Risks related to changes in the price of oil, natural gas, refined products and chemicals
Operating results in Eni’s Exploration & Production, Refining & Marketing and Chemical segments are affected by changes in the price of crude oil and by the impacts of movements in crude oil prices on margins of refined and petrochemical products.
Eni’s results of operations are affected by changes in international oil prices
Overall, lower oil prices have a net adverse impact on Eni’s results of operations. The effect of lower oil prices on Eni’s average realizations for produced oil is generally immediate. Furthermore, Eni’s average realizations for produced oil differ from the price of Brent crude marker primarily due to the circumstance that Eni’s production list, which also includes heavy crude qualities, has a lower American Petroleum Institute (“API”) gravity compared with Brent crude (when processed the latter allows for higher yields of valuable products compared to heavy crude qualities, hence higher market price).
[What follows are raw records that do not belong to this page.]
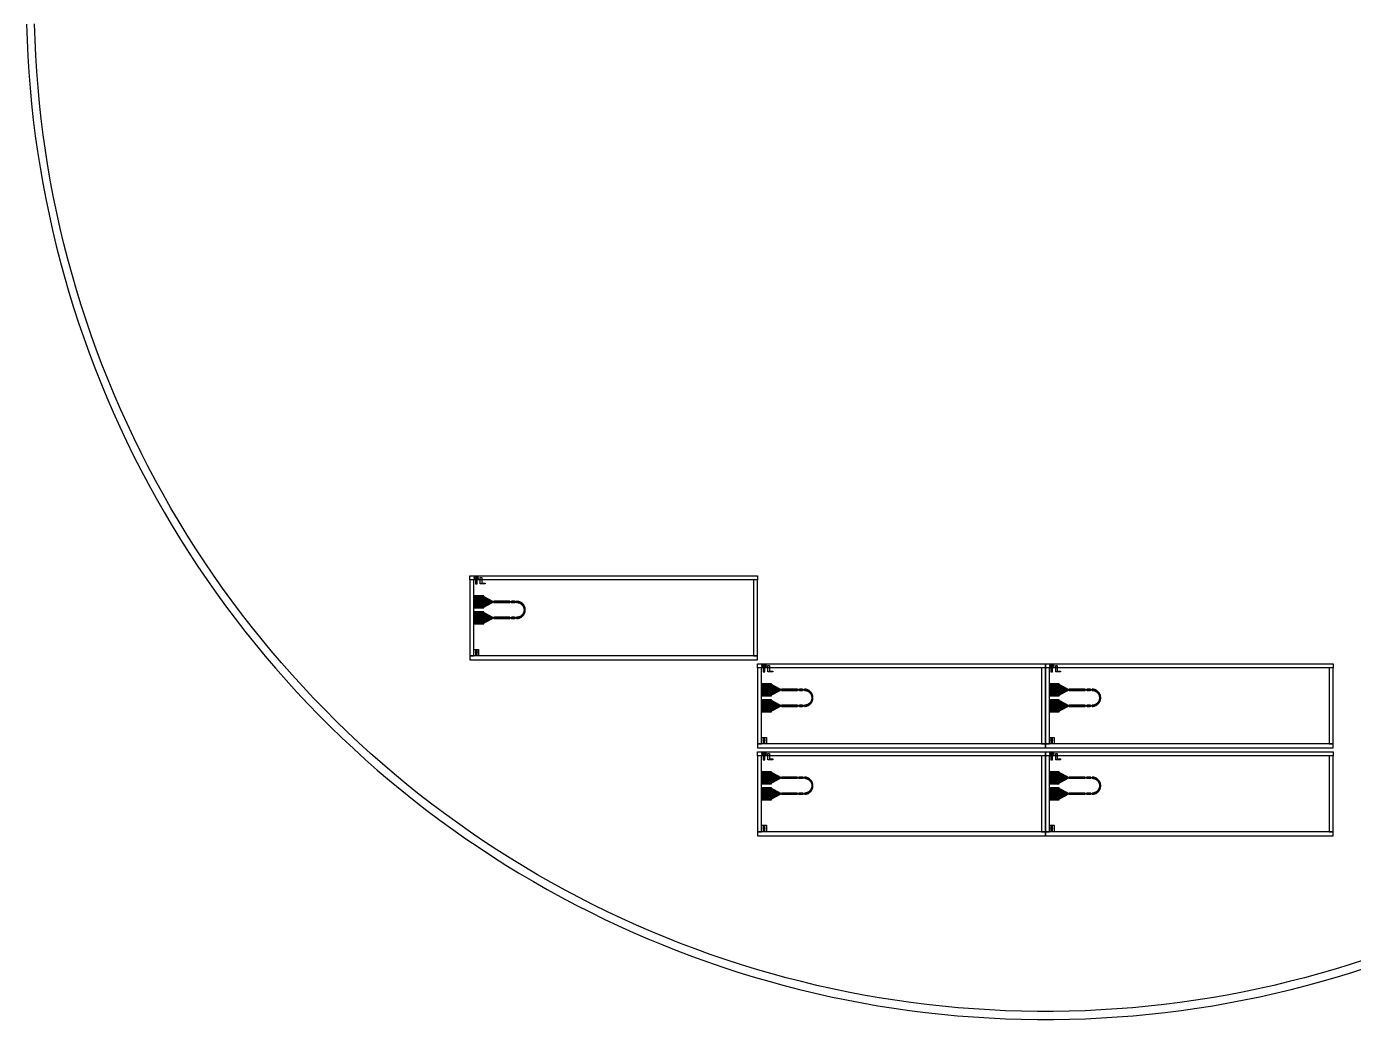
# Model space of a CAD drawing. Extents: x -25499 to 25499, y -25499 to 24195.
# Drawn here: x -25493 to 7710, y -25499 to -652 of the extents above; entities that cross this region are included whole.
import ezdxf

# ---------------------------------------------------------------- set-up
doc = ezdxf.new("R2010")
doc.units = 0
doc.layers.add('GAP', color=1, linetype='continuous')
doc.layers.add('PIN', color=3, linetype='continuous')

# ---------------------------------------------------------------- blocks, each defined once
blk = doc.blocks.new('A')
for points in [[(-100, 2000), (7100, 2000), (7100, 1900), (-100, 1900), (-100, 2000)], [(-100, 0), (0, 0), (0, 1900), (-100, 1900), (-100, 0)], [(7000, 0), (7100, 0), (7100, 1900), (7000, 1900), (7000, 0)], [(-100, -100), (7100, -100), (7100, 0), (-100, 0), (-100, -100)]]:
    blk.add_lwpolyline(points)
blk = doc.blocks.new('AGAP')
for points in [[(75, 1500), (0, 1500), (0, 1200), (75, 1200), (75, 1500)], [(250, 1500), (75, 1500), (75, 1200), (250, 1200), (250, 1500)], [(900, 1365), (500, 1365), (500, 1335), (900, 1335), (900, 1365)], [(1071, 935), (1082, 935), (1094, 936), (1105, 938), (1116, 940), (1128, 943), (1139, 946), (1149, 950), (1160, 954), (1170, 959), (1180, 965), (1190, 971), (1199, 977), (1208, 984), (1217, 992), (1225, 1000), (1233, 1008), (1240, 1017), (1247, 1026), (1253, 1036), (1259, 1046), (1264, 1056), (1269, 1066), (1273, 1077), (1277, 1088), (1280, 1099), (1282, 1110), (1284, 1121), (1285, 1133), (1286, 1144), (1286, 1156), (1285, 1167), (1284, 1179), (1282, 1190), (1280, 1201), (1277, 1212), (1273, 1223), (1269, 1234), (1264, 1244), (1259, 1254), (1253, 1264), (1247, 1274), (1240, 1283), (1233, 1292), (1225, 1300), (1217, 1308), (1208, 1316), (1199, 1323), (1190, 1329), (1180, 1335), (1170, 1341), (1160, 1346), (1149, 1350), (1139, 1354), (1128, 1357), (1116, 1360), (1105, 1362), (1094, 1364), (1082, 1365), (1071, 1365), (1071, 1350), (1082, 1350), (1092, 1349), (1103, 1347), (1113, 1345), (1124, 1343), (1134, 1340), (1144, 1336), (1154, 1332), (1163, 1327), (1173, 1322), (1182, 1317), (1190, 1311), (1199, 1304), (1207, 1297), (1214, 1290), (1222, 1282), (1228, 1274), (1235, 1265), (1241, 1256), (1246, 1247), (1251, 1237), (1255, 1228), (1259, 1218), (1262, 1208), (1265, 1197), (1268, 1187), (1269, 1177), (1270, 1166), (1271, 1155), (1271, 1145), (1270, 1134), (1269, 1123), (1268, 1113), (1265, 1103), (1262, 1092), (1259, 1082), (1255, 1072), (1251, 1063), (1246, 1053), (1241, 1044), (1235, 1035), (1228, 1026), (1222, 1018), (1214, 1010), (1207, 1003), (1199, 996), (1190, 989), (1182, 983), (1173, 978), (1163, 973), (1154, 968), (1144, 964), (1134, 960), (1124, 957), (1113, 955), (1103, 953), (1092, 951), (1082, 950), (1071, 950), (1071, 935)], [(1071, 950), (1082, 950), (1092, 951), (1103, 953), (1113, 955), (1124, 957), (1134, 960), (1144, 964), (1154, 968), (1163, 973), (1173, 978), (1182, 983), (1190, 989), (1199, 996), (1207, 1003), (1214, 1010), (1222, 1018), (1228, 1026), (1235, 1035), (1241, 1044), (1246, 1053), (1251, 1063), (1255, 1072), (1259, 1082), (1262, 1092), (1265, 1103), (1268, 1113), (1269, 1123), (1270, 1134), (1271, 1145), (1271, 1155), (1270, 1166), (1269, 1177), (1268, 1187), (1265, 1197), (1262, 1208), (1259, 1218), (1255, 1228), (1251, 1237), (1246, 1247), (1241, 1256), (1235, 1265), (1228, 1274), (1222, 1282), (1214, 1290), (1207, 1297), (1199, 1304), (1190, 1311), (1182, 1317), (1173, 1322), (1163, 1327), (1154, 1332), (1144, 1336), (1134, 1340), (1124, 1343), (1113, 1345), (1103, 1347), (1092, 1349), (1082, 1350), (1071, 1350), (1071, 1335), (1081, 1335), (1091, 1334), (1100, 1333), (1110, 1331), (1120, 1328), (1129, 1326), (1138, 1322), (1147, 1318), (1156, 1314), (1165, 1309), (1173, 1304), (1181, 1299), (1189, 1292), (1196, 1286), (1204, 1279), (1210, 1272), (1217, 1264), (1222, 1256), (1228, 1248), (1233, 1240), (1237, 1231), (1241, 1222), (1245, 1213), (1248, 1203), (1251, 1194), (1253, 1184), (1254, 1175), (1255, 1165), (1256, 1155), (1256, 1145), (1255, 1135), (1254, 1125), (1253, 1116), (1251, 1106), (1248, 1097), (1245, 1087), (1241, 1078), (1237, 1069), (1233, 1060), (1228, 1052), (1222, 1044), (1217, 1036), (1210, 1028), (1204, 1021), (1196, 1014), (1189, 1008), (1181, 1001), (1173, 996), (1165, 991), (1156, 986), (1147, 982), (1138, 978), (1129, 974), (1120, 972), (1110, 969), (1100, 967), (1091, 966), (1081, 965), (1071, 965), (1071, 950)], [(0, 800), (75, 800), (75, 1100), (0, 1100), (0, 800)], [(75, 800), (250, 800), (250, 1100), (75, 1100), (75, 800)], [(500, 935), (900, 935), (900, 965), (500, 965), (500, 935)]]:
    blk.add_lwpolyline(points)
for points in [[(75, 1500), (0, 1500), (75, 1200), (0, 1200)], [(250, 1500), (75, 1500), (250, 1200), (75, 1200)], [(500, 1350), (250, 1350), (500, 1365), (250, 1500)], [(500, 1350), (250, 1350), (500, 1335), (250, 1200)], [(900, 1365), (500, 1365), (900, 1335), (500, 1335)], [(950, 1350), (900, 1350), (950, 1386), (900, 1365)], [(950, 1350), (900, 1350), (950, 1314), (900, 1335)], [(1021, 1386), (950, 1386), (1021, 1314), (950, 1314)], [(1071, 1350), (1021, 1350), (1071, 1365), (1021, 1386)], [(1071, 1350), (1021, 1350), (1071, 1335), (1021, 1314)], [(1075, 1350), (1076, 1365), (1071, 1350), (1071, 1365)], [(1075, 1335), (1075, 1350), (1071, 1335), (1071, 1350)], [(1079, 1350), (1080, 1365), (1075, 1350), (1076, 1365)], [(1079, 1335), (1079, 1350), (1075, 1335), (1075, 1350)], [(1084, 1350), (1084, 1365), (1079, 1350), (1080, 1365)], [(1083, 1335), (1084, 1350), (1079, 1335), (1079, 1350)], [(1086, 1334), (1088, 1349), (1083, 1335), (1084, 1350)], [(1088, 1349), (1089, 1364), (1084, 1350), (1084, 1365)], [(1090, 1334), (1092, 1349), (1086, 1334), (1088, 1349)], [(1092, 1349), (1093, 1364), (1088, 1349), (1089, 1364)], [(1094, 1334), (1096, 1348), (1090, 1334), (1092, 1349)], [(1096, 1348), (1098, 1363), (1092, 1349), (1093, 1364)], [(1098, 1333), (1100, 1348), (1094, 1334), (1096, 1348)], [(1100, 1348), (1102, 1363), (1096, 1348), (1098, 1363)], [(1102, 1332), (1104, 1347), (1098, 1333), (1100, 1348)], [(1104, 1347), (1107, 1362), (1100, 1348), (1102, 1363)], [(1106, 1332), (1108, 1346), (1102, 1332), (1104, 1347)], [(1108, 1346), (1111, 1361), (1104, 1347), (1107, 1362)], [(1109, 1331), (1113, 1346), (1106, 1332), (1108, 1346)], [(1113, 1346), (1116, 1360), (1108, 1346), (1111, 1361)], [(1113, 1330), (1117, 1345), (1109, 1331), (1113, 1346)], [(1117, 1345), (1120, 1359), (1113, 1346), (1116, 1360)], [(1117, 1329), (1121, 1344), (1113, 1330), (1117, 1345)], [(1121, 1344), (1124, 1358), (1117, 1345), (1120, 1359)], [(1121, 1328), (1125, 1343), (1117, 1329), (1121, 1344)], [(1125, 1343), (1129, 1357), (1121, 1344), (1124, 1358)], [(1124, 1327), (1129, 1341), (1121, 1328), (1125, 1343)], [(1128, 1326), (1133, 1340), (1124, 1327), (1129, 1341)], [(1129, 1341), (1133, 1356), (1125, 1343), (1129, 1357)], [(1132, 1325), (1137, 1339), (1128, 1326), (1133, 1340)], [(1133, 1340), (1137, 1354), (1129, 1341), (1133, 1356)], [(1135, 1323), (1141, 1337), (1132, 1325), (1137, 1339)], [(1137, 1339), (1142, 1353), (1133, 1340), (1137, 1354)], [(1139, 1322), (1145, 1336), (1135, 1323), (1141, 1337)], [(1141, 1337), (1146, 1352), (1137, 1339), (1142, 1353)], [(1143, 1321), (1149, 1334), (1139, 1322), (1145, 1336)], [(1145, 1336), (1150, 1350), (1141, 1337), (1146, 1352)], [(1146, 1319), (1152, 1333), (1143, 1321), (1149, 1334)], [(1149, 1334), (1154, 1348), (1145, 1336), (1150, 1350)], [(1150, 1317), (1156, 1331), (1146, 1319), (1152, 1333)], [(1152, 1333), (1158, 1346), (1149, 1334), (1154, 1348)], [(1153, 1316), (1160, 1329), (1150, 1317), (1156, 1331)], [(1156, 1331), (1163, 1345), (1152, 1333), (1158, 1346)], [(1157, 1314), (1164, 1327), (1153, 1316), (1160, 1329)], [(1160, 1329), (1167, 1343), (1156, 1331), (1163, 1345)], [(1164, 1327), (1171, 1341), (1160, 1329), (1167, 1343)], [(1167, 1325), (1175, 1338), (1164, 1327), (1171, 1341)], [(1171, 1323), (1178, 1336), (1167, 1325), (1175, 1338)], [(1175, 1321), (1182, 1334), (1171, 1323), (1178, 1336)], [(1178, 1319), (1186, 1332), (1175, 1321), (1182, 1334)], [(1182, 1317), (1190, 1329), (1178, 1319), (1186, 1332)], [(1185, 1314), (1194, 1327), (1182, 1317), (1190, 1329)], [(0, 800), (75, 800), (0, 1100), (75, 1100)], [(75, 800), (250, 800), (75, 1100), (250, 1100)], [(250, 950), (500, 950), (250, 1100), (500, 965)], [(1160, 1312), (1167, 1325), (1157, 1314), (1164, 1327)], [(1163, 1310), (1171, 1323), (1160, 1312), (1167, 1325)], [(1167, 1308), (1175, 1321), (1163, 1310), (1171, 1323)], [(1170, 1306), (1178, 1319), (1167, 1308), (1175, 1321)], [(1173, 1304), (1182, 1317), (1170, 1306), (1178, 1319)], [(1177, 1302), (1185, 1314), (1173, 1304), (1182, 1317)], [(1173, 996), (1182, 983), (1177, 998), (1185, 986)], [(1180, 1300), (1189, 1312), (1177, 1302), (1185, 1314)], [(1177, 998), (1185, 986), (1180, 1000), (1189, 988)], [(1183, 1297), (1192, 1309), (1180, 1300), (1189, 1312)], [(1180, 1000), (1189, 988), (1183, 1003), (1192, 991)], [(1186, 1295), (1195, 1307), (1183, 1297), (1192, 1309)], [(1183, 1003), (1192, 991), (1186, 1005), (1195, 993)], [(1189, 1312), (1197, 1324), (1185, 1314), (1194, 1327)], [(1189, 1293), (1198, 1304), (1186, 1295), (1195, 1307)], [(1186, 1005), (1195, 993), (1189, 1007), (1198, 996)], [(1192, 1309), (1201, 1321), (1189, 1312), (1197, 1324)], [(1192, 1290), (1202, 1301), (1189, 1293), (1198, 1304)], [(1189, 1007), (1198, 996), (1192, 1010), (1202, 999)], [(1195, 1307), (1205, 1318), (1192, 1309), (1201, 1321)], [(1195, 1287), (1205, 1299), (1192, 1290), (1202, 1301)], [(1192, 1010), (1202, 999), (1195, 1013), (1205, 1001)], [(1198, 1304), (1208, 1316), (1195, 1307), (1205, 1318)], [(1198, 1285), (1208, 1296), (1195, 1287), (1205, 1299)], [(1195, 1013), (1205, 1001), (1198, 1015), (1208, 1004)], [(1202, 1301), (1211, 1313), (1198, 1304), (1208, 1316)], [(1200, 1282), (1211, 1293), (1198, 1285), (1208, 1296)], [(1198, 1015), (1208, 1004), (1200, 1018), (1211, 1007)], [(1198, 996), (1208, 984), (1202, 999), (1211, 987)], [(1203, 1279), (1214, 1290), (1200, 1282), (1211, 1293)], [(1200, 1018), (1211, 1007), (1203, 1021), (1214, 1010)], [(1205, 1299), (1215, 1310), (1202, 1301), (1211, 1313)], [(1202, 999), (1211, 987), (1205, 1001), (1215, 990)], [(1206, 1277), (1217, 1287), (1203, 1279), (1214, 1290)], [(1203, 1021), (1214, 1010), (1206, 1023), (1217, 1013)], [(1208, 1296), (1218, 1307), (1205, 1299), (1215, 1310)], [(1205, 1001), (1215, 990), (1208, 1004), (1218, 993)], [(1208, 1274), (1220, 1284), (1206, 1277), (1217, 1287)], [(1206, 1023), (1217, 1013), (1208, 1026), (1220, 1016)], [(1211, 1293), (1221, 1304), (1208, 1296), (1218, 1307)], [(1211, 1271), (1222, 1281), (1208, 1274), (1220, 1284)], [(1208, 1026), (1220, 1016), (1211, 1029), (1222, 1019)], [(1208, 1004), (1218, 993), (1211, 1007), (1221, 996)], [(1214, 1290), (1225, 1300), (1211, 1293), (1221, 1304)], [(1214, 1268), (1225, 1277), (1211, 1271), (1222, 1281)], [(1211, 1029), (1222, 1019), (1214, 1032), (1225, 1023)], [(1211, 1007), (1221, 996), (1214, 1010), (1225, 1000)], [(1217, 1287), (1228, 1297), (1214, 1290), (1225, 1300)], [(1216, 1265), (1228, 1274), (1214, 1268), (1225, 1277)], [(1214, 1032), (1225, 1023), (1216, 1035), (1228, 1026)], [(1214, 1010), (1225, 1000), (1217, 1013), (1228, 1003)], [(1218, 1262), (1230, 1271), (1216, 1265), (1228, 1274)], [(1216, 1035), (1228, 1026), (1218, 1038), (1230, 1029)], [(1220, 1284), (1231, 1294), (1217, 1287), (1228, 1297)], [(1217, 1013), (1228, 1003), (1220, 1016), (1231, 1006)], [(1221, 1259), (1233, 1268), (1218, 1262), (1230, 1271)], [(1218, 1038), (1230, 1029), (1221, 1041), (1233, 1032)], [(1222, 1281), (1234, 1290), (1220, 1284), (1231, 1294)], [(1220, 1016), (1231, 1006), (1222, 1019), (1234, 1010)], [(1223, 1256), (1235, 1264), (1221, 1259), (1233, 1268)], [(1221, 1041), (1233, 1032), (1223, 1044), (1235, 1036)], [(1225, 1277), (1237, 1287), (1222, 1281), (1234, 1290)], [(1222, 1019), (1234, 1010), (1225, 1023), (1237, 1013)], [(1225, 1252), (1238, 1261), (1223, 1256), (1235, 1264)], [(1223, 1044), (1235, 1036), (1225, 1048), (1238, 1039)], [(1228, 1274), (1239, 1284), (1225, 1277), (1237, 1287)], [(1227, 1249), (1240, 1257), (1225, 1252), (1238, 1261)], [(1225, 1048), (1238, 1039), (1227, 1051), (1240, 1043)], [(1225, 1023), (1237, 1013), (1228, 1026), (1239, 1016)], [(1229, 1246), (1242, 1254), (1227, 1249), (1240, 1257)], [(1227, 1051), (1240, 1043), (1229, 1054), (1242, 1046)], [(1230, 1271), (1242, 1280), (1228, 1274), (1239, 1284)], [(1228, 1026), (1239, 1016), (1230, 1029), (1242, 1020)], [(1231, 1242), (1244, 1250), (1229, 1246), (1242, 1254)], [(1229, 1054), (1242, 1046), (1231, 1058), (1244, 1050)], [(1233, 1268), (1245, 1276), (1230, 1271), (1242, 1280)], [(1230, 1029), (1242, 1020), (1233, 1032), (1245, 1024)], [(1233, 1239), (1246, 1246), (1231, 1242), (1244, 1250)], [(1231, 1058), (1244, 1050), (1233, 1061), (1246, 1054)], [(1235, 1264), (1248, 1273), (1233, 1268), (1245, 1276)], [(1235, 1236), (1248, 1243), (1233, 1239), (1246, 1246)], [(1233, 1061), (1246, 1054), (1235, 1064), (1248, 1057)], [(1233, 1032), (1245, 1024), (1235, 1036), (1248, 1027)], [(1238, 1261), (1250, 1269), (1235, 1264), (1248, 1273)], [(1237, 1232), (1250, 1239), (1235, 1236), (1248, 1243)], [(1235, 1064), (1248, 1057), (1237, 1068), (1250, 1061)], [(1235, 1036), (1248, 1027), (1238, 1039), (1250, 1031)], [(1238, 1229), (1252, 1235), (1237, 1232), (1250, 1239)], [(1237, 1068), (1250, 1061), (1238, 1071), (1252, 1065)], [(1240, 1257), (1253, 1265), (1238, 1261), (1250, 1269)], [(1240, 1225), (1254, 1231), (1238, 1229), (1252, 1235)], [(1238, 1071), (1252, 1065), (1240, 1075), (1254, 1069)], [(1238, 1039), (1250, 1031), (1240, 1043), (1253, 1035)], [(1242, 1254), (1255, 1261), (1240, 1257), (1253, 1265)], [(1242, 1222), (1255, 1228), (1240, 1225), (1254, 1231)], [(1240, 1075), (1254, 1069), (1242, 1078), (1255, 1072)], [(1240, 1043), (1253, 1035), (1242, 1046), (1255, 1039)], [(1244, 1250), (1257, 1258), (1242, 1254), (1255, 1261)], [(1243, 1218), (1257, 1224), (1242, 1222), (1255, 1228)], [(1242, 1078), (1255, 1072), (1243, 1082), (1257, 1076)], [(1242, 1046), (1255, 1039), (1244, 1050), (1257, 1042)], [(1244, 1214), (1258, 1220), (1243, 1218), (1257, 1224)], [(1243, 1082), (1257, 1076), (1244, 1086), (1258, 1080)], [(1246, 1246), (1259, 1254), (1244, 1250), (1257, 1258)], [(1246, 1211), (1260, 1216), (1244, 1214), (1258, 1220)], [(1244, 1086), (1258, 1080), (1246, 1089), (1260, 1084)], [(1244, 1050), (1257, 1042), (1246, 1054), (1259, 1046)], [(1248, 1243), (1262, 1250), (1246, 1246), (1259, 1254)], [(1247, 1207), (1261, 1212), (1246, 1211), (1260, 1216)], [(1246, 1089), (1260, 1084), (1247, 1093), (1261, 1088)], [(1246, 1054), (1259, 1046), (1248, 1057), (1262, 1050)], [(1248, 1203), (1262, 1208), (1247, 1207), (1261, 1212)], [(1247, 1093), (1261, 1088), (1248, 1097), (1262, 1092)], [(1250, 1239), (1264, 1246), (1248, 1243), (1262, 1250)], [(1249, 1200), (1264, 1204), (1248, 1203), (1262, 1208)], [(1248, 1097), (1262, 1092), (1249, 1100), (1264, 1096)], [(1248, 1057), (1262, 1050), (1250, 1061), (1264, 1054)], [(1250, 1196), (1265, 1200), (1249, 1200), (1264, 1204)], [(1249, 1100), (1264, 1096), (1250, 1104), (1265, 1100)], [(1252, 1235), (1266, 1242), (1250, 1239), (1264, 1246)], [(1251, 1192), (1266, 1196), (1250, 1196), (1265, 1200)], [(1250, 1104), (1265, 1100), (1251, 1108), (1266, 1104)], [(1250, 1061), (1264, 1054), (1252, 1065), (1266, 1058)], [(1252, 1188), (1267, 1192), (1251, 1192), (1266, 1196)], [(1251, 1108), (1266, 1104), (1252, 1112), (1267, 1108)], [(1254, 1231), (1267, 1237), (1252, 1235), (1266, 1242)], [(1253, 1185), (1267, 1187), (1252, 1188), (1267, 1192)], [(1252, 1112), (1267, 1108), (1253, 1115), (1267, 1113)], [(1252, 1065), (1266, 1058), (1254, 1069), (1267, 1063)], [(1253, 1181), (1268, 1183), (1253, 1185), (1267, 1187)], [(1254, 1177), (1269, 1179), (1253, 1181), (1268, 1183)], [(1253, 1119), (1268, 1117), (1254, 1123), (1269, 1121)], [(1253, 1115), (1267, 1113), (1253, 1119), (1268, 1117)], [(1255, 1228), (1269, 1233), (1254, 1231), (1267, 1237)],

The favourable impact of higher oil prices on Eni’s results of operations may be offset in part by opposite trends in margins for Eni’s downstream businesses
The impact of changes in crude oil prices on Eni’s downstream businesses, including the Gas & Power, the Refining & Marketing and the Chemicals businesses, depends upon the speed at which the prices of gas and products adjust to reflect movements in oil prices.
In the Gas & Power segment, increases in oil price represent a risk to the profitability of the Company sales as gas supplies are mainly indexed to the cost of oil and certain refined products, while selling prices are mainly benchmarked to gas spot prices quoted at continental hubs. In the current trading environment, spot prices at those hubs have ceased to track the oil prices to which Eni’s long-term supply contracts are indexed.
In addition, the Italian Authority for Electricity and Gas and other European regulatory Authorities may limit the ability of the Company to pass cost increases linked to higher oil prices onto selling prices in supplies to residential customers and small businesses as spot prices are progressively replacing oil prices in the indexation mechanism of the raw material cost in selling formulas to those customers. See “Risks in the Company’s gas business” for more information.
In the Refining & Marketing and Chemicals businesses a time lag exists between movements in oil prices and in prices of finished products.
Eni’s results of operations are affected by changes in European refining margins
Results of operations of Eni’s Refining & Marketing segment are substantially affected by changes in European refining margins which reflect changes in relative prices of crude oil and refined products. The prices of refined products depend on global and regional supply/demand balances, inventory levels, refinery operations, import/export balances and weather. Furthermore, Eni’s realized margins are also affected by relative price movements of heavy or sour crude qualities versus light or sweet crude qualities, taking into account the ability of Eni’s refineries to process complex crudes that represent a cost advantage when market prices of heavy crudes are relatively cheaper than the marker Brent price.
In each of the latest three fiscal years, Eni’s refining margins were largely unprofitable as the high cost of oil was only partially transferred to final prices of fuels pressured by weak demand, high worldwide and regional inventory levels and excess refining capacity particularly in the Mediterranean area. Furthermore, the profitability of complex cycles was impaired due to shrinking price differentials between heavy crudes versus light ones. Management does not expect any significant recovery in industry fundamentals over the short to medium term. The sector as a whole will continue to suffer from weak demand and excess capacity, while the cost of oil feedstock may continue rising and price differentials may remain compressed.
In this context, management expects that the Company’s refining margins will remain at unprofitable levels in 2014 and possibly beyond.
Eni’s results of operations are affected by changes in petrochemical margins
Eni’s margins on petrochemical products are affected by trends in demand for petrochemical products and movements in crude oil prices to which purchase costs of petroleum-based feedstock are indexed. Given the commoditized nature of Eni petrochemical products, it is difficult for the Company to transfer higher purchase costs for oil-based feedstock to selling prices to customers. In each of the latest three fiscal years, Eni’s petrochemicals business reported operating losses due to unprofitable margins on basic petrochemicals products, mainly the margin on cracker, reflecting high oil-based feedstock costs and as demand for petrochemicals commodities plunged due to the economic downturn. A weak demand outlook and rising oil-based feedstock costs are expected to continue to adversely affect Eni’s results of operations and liquidity in this business segment in 2014 and possibly beyond.